Hello! I am using DESeq2 to compare three cell types that are part of a cancer progression model. The cells share a similar genetic background, but there are karyotypic differences between the cell lines. In particular, each cell line has its own chromosome trisomies. I imagine that these trisomies would affect counts in a chromosome-specific manner, and I want to be sure I am handling them right.

I am using DESeq2 to compare Hi-C contacts at loops called among these three cell types. I have an un-normalized count matrix of Hi-C contacts from 29,770 total loops across 24 samples (8 per cell line).

Looking at the percentage of total loop counts per chromosome, you can see evidence of the trisomies in the counts themselves; for example, this plot below shows that all 8 replicates from the most cancerous cell line [in red] have a higher percentage of counts from chromosome 3 than the other 2 cell lines do. This is consistent with the fact that this cell line has trisomy 3, while the other two [in yellow, orange] do not.

I also noticed that after running DESeq2, we have a higher number of differential loops on chromosomes that have cell type-specific trisomies. For example, chr3 has a trisomy in one cell line while chr2 and chr4 do not. On chromosomes 2, 3, and 4, we have called 2604, 2225, and 2092 loops respectively. However, we see 148, 415, and 113 differential loops respectively, with chr3 having a much larger proportion of differential loops than chr2 or chr4.

Overall, many of our differential loops look very convincing and I am happy with how DESeq2 is performing here. However I'm concerned that some of our differential loops are a result of there being more reads across an entire chromosome for one sample (or large regions of it) rather than local differences that we are more interested in. I want to be sure we are utilizing DESeq2 to its fullest extent here and capturing as many biologically significant changes as we can.

I know that DESeq2 internally corrects for library size, but I wasn't sure about how it could handle chromosome-specific differences in sequencing depth.
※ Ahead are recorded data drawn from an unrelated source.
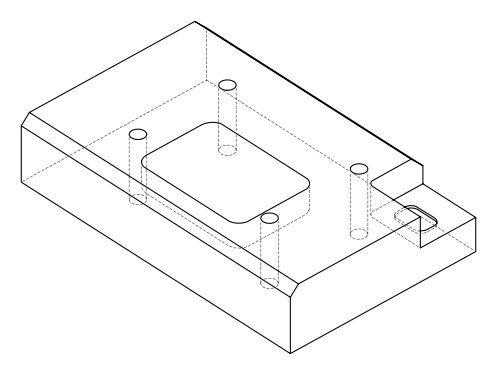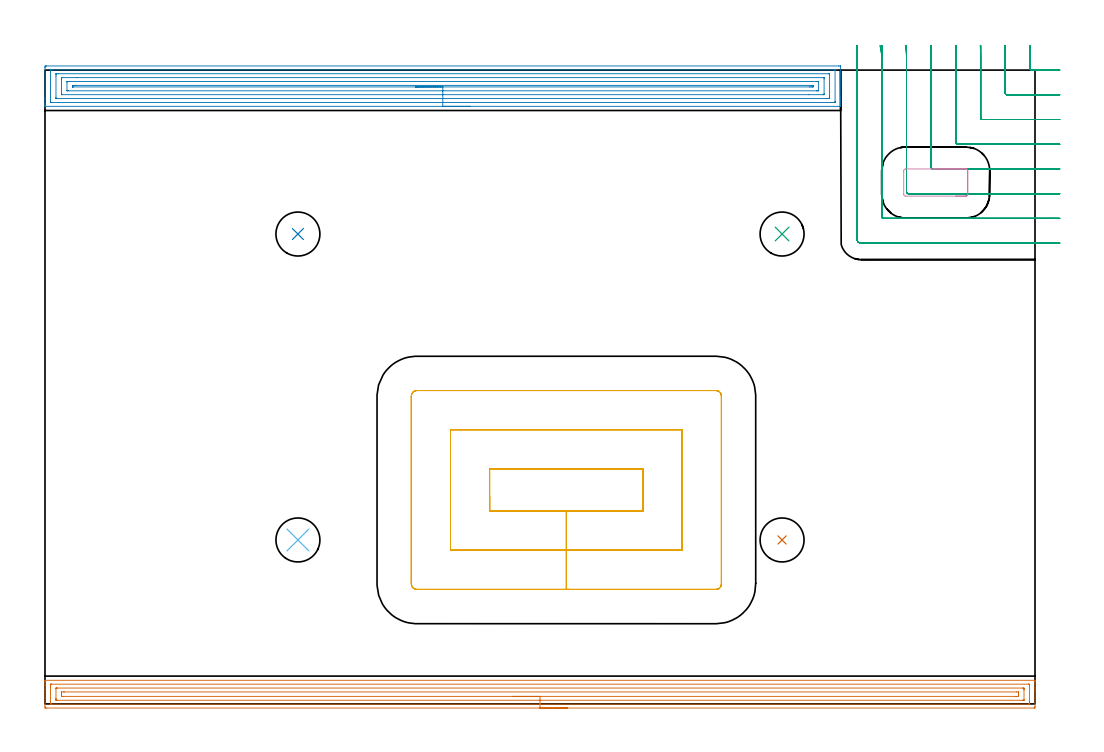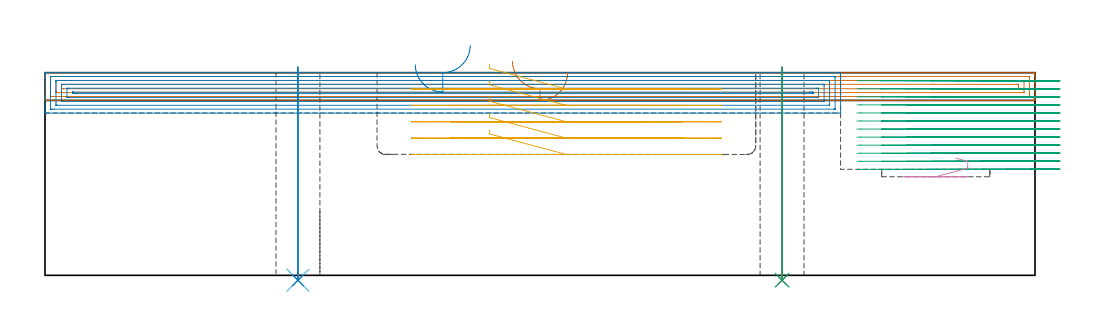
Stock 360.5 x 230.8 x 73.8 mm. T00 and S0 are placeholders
(PLAN: 9 operations, 4 tool changes, 54.2 min)
(1 AREA_MILL | FG_CHAMFER_SURFACE | UGT0205_001 | 11.76 min | 18374 mm3)
(2 AREA_MILL_1 | FG_CHAMFER_SURFACE_1 | UGT0205_001 | 14.11 min | 32087 mm3)
(3 MILL_CORNER_NOTCH_RECTANGULAR | CORNER_NOTCH_RECTANGULAR | NXT0201_011 | Follow Part, ap 3, ae 75% | 18.12 min | 170795 mm3)
(4 MILL_RECTANGULAR_POCKET | POCKET_RECTANGULAR_STRAIGHT | UGT0201_008 | Follow Part, ap 4, ae 75% | 0.25 min | 2556 mm3)
(5 MILL_RECTANGULAR_POCKET_1 | POCKET_RECTANGULAR_STRAIGHT_1 | NXT0201_007 | Follow Part, ap 6.25, ae 75% | 8.67 min | 393928 mm3)
(6 INDEXABLE_INSERT_DRILL_THROUGH_HOLE_FROM_SOLID | STEP1HOLE | NXT0302_003 | 0.31 min | 14790 mm3)
(7 INDEXABLE_INSERT_DRILL_THROUGH_HOLE_FROM_SOLID_1 | STEP1HOLE_1 | NXT0302_003 | 0.31 min | 14820 mm3)
(8 INDEXABLE_INSERT_DRILL_THROUGH_HOLE_FROM_SOLID_2 | STEP1HOLE_2 | NXT0302_003 | 0.31 min | 14806 mm3)
(9 INDEXABLE_INSERT_DRILL_THROUGH_HOLE_FROM_SOLID_3 | STEP1HOLE_3 | NXT0302_003 | 0.31 min | 14819 mm3)
(TOOL UGT0205_001 | Chamfer Mill 20 x 3 x 45 deg. | D20 FL50 Z2)
(TOOL NXT0201_011 | ENDMILL 12mm [2P460-1200-NA 1630] | D12 FL38 Z6)
(TOOL UGT0201_008 | End Mill 16 mm | D16 FL32 Z4)
(TOOL NXT0201_007 | ENDMILL 25mm [R216.25-25050GCK54P 1620] | D25 R3 FL54 Z5)
(TOOL NXT0302_003 | Index. Insert Drill 16mm [880-D1600L20-05] | D16 PA176 FL80 Z2)
(OP 1 AREA_MILL)
G17 G21 G94 G90
T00 M6
G54
G17 G0 G90 X190.25 Y-1.5 S1061 M3
G43 Z83.8 H0
Z73.7
G94 G1 X190.212 Z72.828 F250.
X190.098 Z71.964
X189.909 Z71.112
X189.647 Z70.28
X189.313 Z69.474
X188.91 Z68.7
X188.442 Z67.964
X187.91 Z67.272
X187.321 Z66.629
X186.678 Z66.04
X185.986 Z65.508
X185.25 Z65.04
X184.476 Z64.637
X183.67 Z64.303
X182.838 Z64.041
X181.986 Z63.852
X181.122 Z63.738
X180.25 Z63.7
X0.622
X0.035 Y-1.494 Z63.704
X0.007 Y-1.492 Z63.706
X0.003 Y-0.908 Z64.29
X0. Y-0.287 Z64.911
Y5.333 Z70.528
Y6.766 Z71.962
Y7.116 Z72.311
Y7.817 Z73.017
Y8.134 Z73.334
X0.007 Y8.545 Z73.736
X0.01 Y8.597 Z73.788
X0.176 Y8.6 Z73.8
X360.324
X360.49 Y8.597 Z73.788
X360.493 Y8.545 Z73.736
X360.5 Y8.134 Z73.334
Y7.817 Z73.016
Y7.116 Z72.311
Y5.874 Z71.071
Y5.333 Z70.528
Y4.712 Z69.908
Y-0.908 Z64.29
X360.498 Y-1.18 Z64.017
X360.49 Y-1.492 Z63.706
X360.178 Y-1.499 Z63.699
X180.25 Y-1.5 Z63.7
Y-0.086 Z65.114
X2.41 Y-0.085 Z65.115
X2.34 Y-0.084 Z65.116
X2.201 Y-0.079 Z65.121
X2.01 Y-0.068 Z65.132
X2.008 Y-0.016 Z65.184
X2.001 Y0.391 Z65.591
X2. Y6.225 Z71.425
Y6.633 Z71.833
X2.004 Y7.116 Z72.316
X2.007 Y7.166 Z72.366
X2.008 Y7.174 Z72.374
X2.039 Y7.179 Z72.379
X2.131 Y7.182 Z72.382
X2.27 Y7.185 Z72.385
X2.34 Y7.186 Z72.386
X358.09 Y7.185 Z72.385
X358.16 Y7.184 Z72.384
X358.299 Y7.179 Z72.379
X358.49 Y7.168 Z72.368
X358.492 Y7.116 Z72.316
X358.499 Y6.709 Z71.909
X358.5 Y0.875 Z66.075
Y0.467 Z65.667
X358.496 Y-0.016 Z65.184
X358.493 Y-0.066 Z65.134
X358.492 Y-0.074 Z65.126
X358.461 Y-0.079 Z65.121
X358.37 Y-0.082 Z65.118
X358.23 Y-0.085 Z65.115
X358.16 Y-0.086 Z65.114
X180.25
Y1.328 Z66.528
X4.636 Y1.329 Z66.529
X4.197 Y1.332 Z66.532
X4.052 Y1.335 Z66.535
X4.01 Y1.34 Z66.54
X4.005 Y1.439 Z66.639
X4.002 Y1.57 Z66.77
X4. Y1.767 Z66.967
Y1.964 Z67.164
X4.001 Y5.528 Z70.728
X4.01 Y5.726 Z70.926
X4.014 Y5.766 Z70.966
X4.033 Y5.768 Z70.968
X4.087 Y5.77 Z70.97
X4.197 Y5.771 Z70.971
X4.651 Y5.772 Z70.972
X355.864 Y5.771 Z70.971
X356.303 Y5.768 Z70.968
X356.448 Y5.765 Z70.965
X356.49 Y5.76 Z70.96
X356.495 Y5.661 Z70.861
X356.498 Y5.53 Z70.73
X356.5 Y5.333 Z70.533
Y5.136 Z70.336
X356.499 Y1.572 Z66.772
X356.49 Y1.374 Z66.574
X356.486 Y1.334 Z66.534
X356.467 Y1.332 Z66.532
X356.413 Y1.33 Z66.53
X356.303 Y1.329 Z66.529
X355.849 Y1.328 Z66.528
X180.25
Y2.743 Z67.943
X6.794
X6.058 Y2.748 Z67.948
X6.02 Y2.749 Z67.949
X6.01 Y2.785 Z67.985
X6.005 Y2.891 Z68.091
X6.002 Y3.106 Z68.306
X6. Y3.535 Z68.735
X6.002 Y3.988 Z69.188
X6.006 Y4.207 Z69.407
X6.01 Y4.315 Z69.515
X6.023 Y4.351 Z69.551
X6.074 Y4.353 Z69.553
X6.878 Y4.357 Z69.557
X6.963
X353.707
X354.442 Y4.352 Z69.552
X354.48 Y4.351 Z69.551
X354.49 Y4.315 Z69.515
X354.495 Y4.209 Z69.409
X354.498 Y3.994 Z69.194
X354.5 Y3.566 Z68.766
X354.498 Y3.112 Z68.312
X354.494 Y2.893 Z68.093
X354.49 Y2.785 Z67.985
X354.477 Y2.749 Z67.949
X354.427 Y2.747 Z67.947
X353.622 Y2.743 Z67.943
X353.537
X180.25
X179.378 Z67.981
X178.514 Z68.095
X177.662 Z68.283
X176.83 Z68.546
X176.024 Z68.88
X175.25 Z69.282
X174.514 Z69.751
X173.822 Z70.282
X173.179 Z70.872
X172.59 Z71.515
X172.058 Z72.207
X171.59 Z72.943
X171.187 Z73.716
X170.853 Z74.522
X170.591 Z75.354
X170.402 Z76.206
X170.288 Z77.071
X170.25 Z77.943
G0 Z83.8
M5
M2
(OP 2 AREA_MILL_1)
G17 G21 G94 G90
T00 M6
G54
G17 G0 G90 X154.85 Y217.6 S1061 M3
G43 Z83.8 H0
G94 G1 X154.812 Z82.928 F250.
X154.698 Z82.063
X154.509 Z81.212
X154.247 Z80.38
X153.913 Z79.574
X153.51 Z78.8
X153.041 Z78.064
X152.51 Z77.372
X151.921 Z76.729
X151.278 Z76.139
X150.586 Z75.608
X149.85 Z75.14
X149.076 Z74.737
X148.27 Z74.403
X147.438 Z74.141
X146.586 Z73.952
X145.722 Z73.838
X144.85 Z73.8
X0.168
X0.01 Y217.602 Z73.788
X0.003 Y217.731 Z73.661
X0. Y217.866 Z73.533
Y218.171 Z73.229
Y218.829 Z72.566
Y220.032 Z71.365
Y220.578 Z70.816
Y231.673 Z59.724
X0.004 Y231.946 Z59.451
X0.01 Y232.293 Z59.104
X0.256 Y232.297 Z59.102
X0.614 Y232.3 Z59.1
X289.085
X289.623 Y232.295 Z59.103
X289.69 Y232.292 Z59.106
X289.7 Y232.219 Z59.179
Y220.578 Z70.816
Y220.032 Z71.365
Y219.703 Z71.693
Y219.157 Z72.239
Y218.829 Z72.566
Y218.171 Z73.229
Y217.866 Z73.533
X289.697 Y217.731 Z73.661
X289.69 Y217.602 Z73.788
X289.532 Y217.6 Z73.8
X144.85
Y219.014 Z72.386
X2.401 Y219.015 Z72.385
X2.209 Y219.016 Z72.384
X2.052 Y219.019 Z72.381
X2.019 Y219.021 Z72.379
X2.01 Y219.038 Z72.362
X2.007 Y219.067 Z72.333
X2.001 Y219.22 Z72.18
Y230.589 Z60.811
X2.004 Y230.72 Z60.68
X2.009 Y230.824 Z60.576
X2.014 Y230.879 Z60.521
X2.05 Y230.88 Z60.52
X2.401 Y230.884 Z60.516
X2.591 Y230.885 Z60.515
X3.294 Y230.886 Z60.514
X287.299 Y230.885 Z60.515
X287.49 Y230.884 Z60.516
X287.648 Y230.881 Z60.519
X287.681 Y230.879 Z60.521
X287.69 Y230.862 Z60.538
X287.693 Y230.833 Z60.567
X287.699 Y230.68 Z60.72
Y219.311 Z72.089
X287.696 Y219.18 Z72.22
X287.69 Y219.076 Z72.324
X287.685 Y219.021 Z72.379
X287.65 Y219.02 Z72.38
X287.299 Y219.016 Z72.384
X287.109 Y219.015 Z72.385
X286.406 Y219.014 Z72.386
X144.85
Y220.428 Z70.972
X4.338 Y220.429 Z70.971
X4.187 Y220.431 Z70.969
X4.036 Y220.435 Z70.965
X4.009 Y220.441 Z70.959
X4.005 Y220.468 Z70.932
X4.002 Y220.517 Z70.883
X4. Y220.578 Z70.822
Y220.761 Z70.639
Y228.631 Z62.769
X4.003 Y229.322 Z62.078
X4.006 Y229.414 Z61.986
X4.01 Y229.455 Z61.945
X4.041 Y229.466 Z61.934
X4.187 Y229.468 Z61.932
X4.928 Y229.471 Z61.929
X285.362
X285.513 Y229.469 Z61.931
X285.664 Y229.465 Z61.935
X285.691 Y229.459 Z61.941
X285.695 Y229.432 Z61.968
X285.698 Y229.383 Z62.017
X285.7 Y229.322 Z62.078
Y229.139 Z62.261
Y221.269 Z70.131
X285.697 Y220.578 Z70.822
X285.694 Y220.486 Z70.914
X285.69 Y220.445 Z70.955
X285.659 Y220.434 Z70.966
X285.513 Y220.432 Z70.968
X284.772 Y220.429 Z70.971
X144.85 Y220.428 Z70.972
Y221.843 Z69.557
X6.137
X6.085 Y221.844 Z69.556
X6.03 Y221.847 Z69.553
X6.015 Y221.849 Z69.551
X6.01 Y221.861 Z69.539
X6.007 Y221.908 Z69.492
X6. Y222.3 Z69.1
Y227.573 Z63.827
X6.008 Y227.997 Z63.403
X6.01 Y228.044 Z63.356
X6.077 Y228.05 Z63.35
X6.207 Y228.054 Z63.346
X6.373 Y228.056 Z63.344
X11.577 Y228.057 Z63.343
X283.563
X283.615 Y228.056 Z63.344
X283.67 Y228.053 Z63.347
X283.684 Y228.051 Z63.349
X283.69 Y228.039 Z63.361
X283.693 Y227.992 Z63.408
X283.7 Y227.6 Z63.8
Y222.327 Z69.073
X283.692 Y221.903 Z69.497
X283.69 Y221.856 Z69.544
X283.623 Y221.85 Z69.55
X283.493 Y221.846 Z69.554
X283.327 Y221.844 Z69.556
X278.135 Y221.843 Z69.557
X144.85
Y223.257 Z68.143
X8.595
X8.221 Y223.258 Z68.142
X8.034 Y223.261 Z68.139
X8.016 Y223.263 Z68.137
X8.01 Y223.272 Z68.128
X8.004 Y223.306 Z68.094
X8.001 Y223.356 Z68.044
X8. Y226.463 Z64.937
X8.002 Y226.555 Z64.845
X8.006 Y226.61 Z64.79
X8.01 Y226.636 Z64.764
X8.027 Y226.637 Z64.763
X8.234 Y226.641 Z64.759
X8.652 Y226.643 Z64.757
X8.709
X281.105
X281.479 Y226.642 Z64.758
X281.666 Y226.639 Z64.761
X281.684 Y226.637 Z64.763
X281.69 Y226.628 Z64.772
X281.696 Y226.594 Z64.806
X281.699 Y226.544 Z64.856
X281.7 Y223.437 Z67.963
X281.698 Y223.346 Z68.054
X281.694 Y223.29 Z68.11
X281.69 Y223.264 Z68.136
X281.673 Y223.263 Z68.137
X281.466 Y223.259 Z68.141
X281.048 Y223.257 Z68.143
X280.991
X144.85
Y224.671 Z66.729
X10.439
X10.154 Y224.672 Z66.728
X10.073 Y224.674 Z66.726
X10.024 Y224.678 Z66.722
X10.01 Y224.68 Z66.72
X10.008 Y224.693 Z66.707
X10.003 Y224.807 Z66.593
Y224.95 Z66.45
X10.007 Y225.164 Z66.236
X10.01 Y225.213 Z66.187
X10.06 Y225.222 Z66.178
X10.158 Y225.225 Z66.175
X10.439 Y225.227 Z66.173
X11.047 Y225.229 Z66.171
X11.332
X279.261
X279.546 Y225.228 Z66.172
X279.627 Y225.226 Z66.174
X279.675 Y225.222 Z66.178
X279.69 Y225.22 Z66.18
X279.692 Y225.207 Z66.193
X279.697 Y225.093 Z66.307
Y224.95 Z66.45
X279.692 Y224.736 Z66.664
X279.69 Y224.687 Z66.713
X279.64 Y224.678 Z66.722
X279.542 Y224.675 Z66.725
X279.261 Y224.673 Z66.727
X278.653 Y224.671 Z66.729
X278.368
X144.85
X143.978 Z66.767
X143.113 Z66.881
X142.262 Z67.07
X141.43 Z67.332
X140.624 Z67.666
X139.85 Z68.069
X139.114 Z68.537
X138.422 Z69.068
X137.779 Z69.658
X137.19 Z70.301
X136.658 Z70.993
X136.19 Z71.729
X135.787 Z72.503
X135.453 Z73.309
X135.191 Z74.141
X135.002 Z74.992
X134.888 Z75.857
X134.85 Z76.729
G0 Z83.8
M5
M2
(OP 3 MILL_CORNER_NOTCH_RECTANGULAR)
G17 G21 G94 G90
T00 M6
G54
G17 G0 G90 X358.609 Y239.799 S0 M3
G43 Z83.8 H1
Z70.867
G94 G1 X358.681 Y236.8 F250.
G2 X358.7 Y235.272 R63. F500.
G1 Y231.395
G3 X359.295 Y230.8 R0.6
G1 X366.5
X369.5 F250.
G0 Z83.8
X349.594 Y239.799
Z70.867
G1 X349.678 Y236.8
G2 X349.7 Y235.272 R54. F500.
G1 Y222.395
G3 X350.295 Y221.8 R0.6
G1 X366.5
X369.5 F250.
G0 Z83.8
X340.572 Y239.798
Z70.867
G1 X340.674 Y236.8
G2 X340.7 Y235.272 R45. F500.
G1 Y213.396
G3 X341.296 Y212.8 R0.6
G1 X366.5
X369.5 F250.
G0 Z83.8
X331.54 Y239.797
Z70.867
G1 X331.668 Y236.8
G2 X331.7 Y235.272 R36. F500.
G1 Y204.396
G3 X332.296 Y203.8 R0.6
G1 X366.5
X369.5 F250.
G0 Z83.8
X322.487 Y239.795
Z70.867
G1 X322.657 Y236.8
G2 X322.7 Y235.272 R27. F500.
G1 Y195.396
G3 X323.296 Y194.8 R0.6
G1 X366.5
X369.5 F250.
G0 Z83.8
X313.38 Y239.789
Z70.867
G1 X313.635 Y236.8
G2 X313.7 Y235.272 R18. F500.
G1 Y186.396
G3 X314.296 Y185.8 R0.6
G1 X366.5
X369.5 F250.
G0 Z83.8
X304.06 Y239.756
Z70.867
G1 X304.569 Y236.8
G2 X304.7 Y235.272 R9. F500.
G1 Y177.397
G3 X305.297 Y176.8 R0.6
G1 X366.5
X369.5 F250.
G0 Z83.8
X295.7 Y238.272
Z70.867
G1 Y235.272
Y169.2 F500.
G3 X297.1 Y167.8 R1.4
G1 X366.5
X369.5 F250.
G0 Z83.8
X358.612 Y239.799
Z67.933
G1 X358.683 Y236.8
G2 X358.7 Y235.323 R63. F500.
G1 Y231.395
G3 X359.295 Y230.8 R0.6
G1 X366.5
X369.5 F250.
G0 Z83.8
X349.598 Y239.799
Z67.933
G1 X349.68 Y236.8
G2 X349.7 Y235.323 R54. F500.
G1 Y222.395
G3 X350.295 Y221.8 R0.6
G1 X366.5
X369.5 F250.
G0 Z83.8
X340.577 Y239.798
Z67.933
G1 X340.676 Y236.8
G2 X340.7 Y235.323 R45. F500.
G1 Y213.396
G3 X341.296 Y212.8 R0.6
G1 X366.5
X369.5 F250.
G0 Z83.8
X331.547 Y239.797
Z67.933
G1 X331.67 Y236.8
G2 X331.7 Y235.323 R36. F500.
G1 Y204.396
G3 X332.296 Y203.8 R0.6
G1 X366.5
X369.5 F250.
G0 Z83.8
X322.495 Y239.796
Z67.933
G1 X322.66 Y236.8
G2 X322.7 Y235.323 R27. F500.
G1 Y195.396
G3 X323.296 Y194.8 R0.6
G1 X366.5
X369.5 F250.
G0 Z83.8
X313.393 Y239.79
Z67.933
G1 X313.639 Y236.8
G2 X313.7 Y235.323 R18. F500.
G1 Y186.396
G3 X314.296 Y185.8 R0.6
G1 X366.5
X369.5 F250.
G0 Z83.8
X304.086 Y239.759
Z67.933
G1 X304.578 Y236.8
G2 X304.7 Y235.323 R9. F500.
G1 Y177.397
G3 X305.297 Y176.8 R0.6
G1 X366.5
X369.5 F250.
G0 Z83.8
X295.7 Y238.323
Z67.933
G1 Y235.323
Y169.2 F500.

I have been trying to think of ways to address this, but would appreciate any insight from someone who understands the software more deeply. So far my thoughts are:

• Would something like providing custom normalization factors be an appropriate way to correct for chromosome-specific differences in sequencing depth? I haven't used them before and I'm not sure where I would get them from in this case, but it seemed like the closest option I could find from the documentation.
• Would it be appropriate to run DESeq with the loops from trisomy chromosomes subset out? In turn, would it be appropriate to run DESeq on the trisomy chromosomes individually, or would reducing the size of the input matrix so much be problematic (the smallest chromosome has only 287 loops)? While it wouldn't be ideal to drop entire chromosomes from my analysis, we could work with it if that's what would make the most sense, since only 5 or so chromosomes are affected.
• Do you think it would be best to just move forward with the results I have, instead? While my understanding of the data and DESeq led me to believe this would cause issues, I would not be surprised if in reality it is less impactful than I'd think.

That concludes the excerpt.